Given data below:

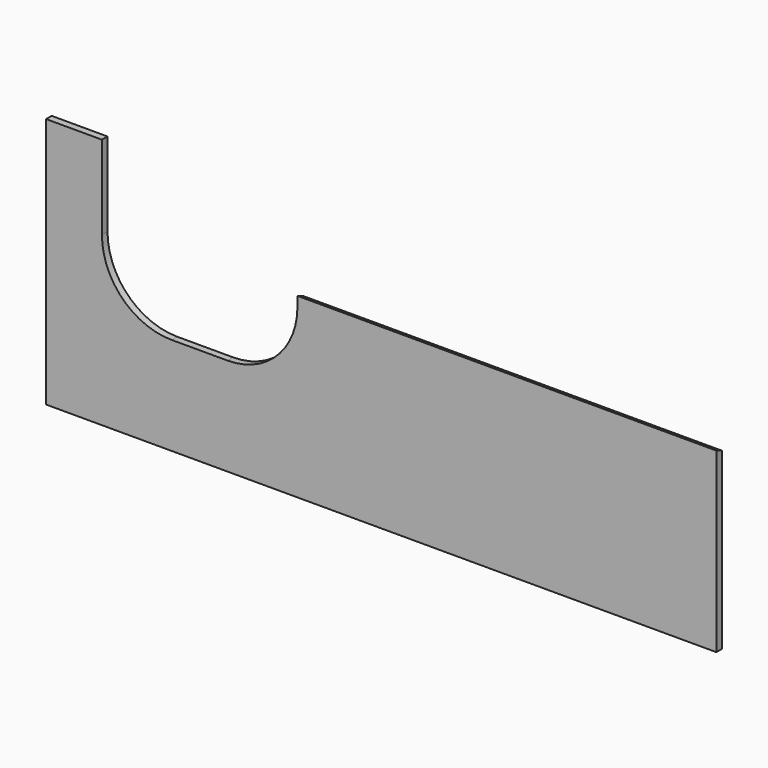
from build123d import *

# Parameters (mm, degrees)
F1_DEPTH = 12.7
F3_DEPTH = 762


# Not quite as in the source:
# - a feature names something its author has since deleted; it is built from what else it names


with BuildPart() as f1:
    # F0 (on Front) → F1 (new body)
    with BuildSketch(Plane.XZ):
        with BuildLine():
            Line((-457.2, 0), (0, 0))
            Line((0, 0), (762, 0))
            Line((762, 0), (762, 317.5))
            Line((762, 317.5), (0, 317.5))
            Line((0, 317.5), (0, 304.8))
            ThreePointArc((0, 304.8), (-37.1974387893, 214.9974387893), (-127, 177.8))
            Line((-127, 177.8), (-228.6, 177.8))
            ThreePointArc((-228.6, 177.8), (-318.4025612107, 214.9974387893), (-355.6, 304.8))
            Line((-355.6, 304.8), (-355.6, 457.2))
            Line((-355.6, 457.2), (-457.2, 457.2))
            Line((-457.2, 457.2), (-457.2, 0))
        make_face()
    extrude(amount=F1_DEPTH)

    # F2 (on face) → F3 (join, through all)
    with BuildSketch(Plane.YZ.offset(762)):
        Polygon((-12.7, 317.5), (0, 317.5), (-12.7, 322.7605122421), align=None)
    extrude(amount=-F3_DEPTH)


solid = f1.part

End of Given data.

• **Task goal**: Retyping should start at the first line of the data above and stop after the line with "# F2 (on face) → F3 (join, through all)", and no picture should be included.

• **Exercise output**:
from build123d import *

# Parameters (mm, degrees)
F1_DEPTH = 12.7
F3_DEPTH = 762


# Not quite as in the source:
# - a feature names something its author has since deleted; it is built from what else it names


with BuildPart() as f1:
    # F0 (on Front) → F1 (new body)
    with BuildSketch(Plane.XZ):
        with BuildLine():
            Line((-457.2, 0), (0, 0))
            Line((0, 0), (762, 0))
            Line((762, 0), (762, 317.5))
            Line((762, 317.5), (0, 317.5))
            Line((0, 317.5), (0, 304.8))
            ThreePointArc((0, 304.8), (-37.1974387893, 214.9974387893), (-127, 177.8))
            Line((-127, 177.8), (-228.6, 177.8))
            ThreePointArc((-228.6, 177.8), (-318.4025612107, 214.9974387893), (-355.6, 304.8))
            Line((-355.6, 304.8), (-355.6, 457.2))
            Line((-355.6, 457.2), (-457.2, 457.2))
            Line((-457.2, 457.2), (-457.2, 0))
        make_face()
    extrude(amount=F1_DEPTH)

    # F2 (on face) → F3 (join, through all)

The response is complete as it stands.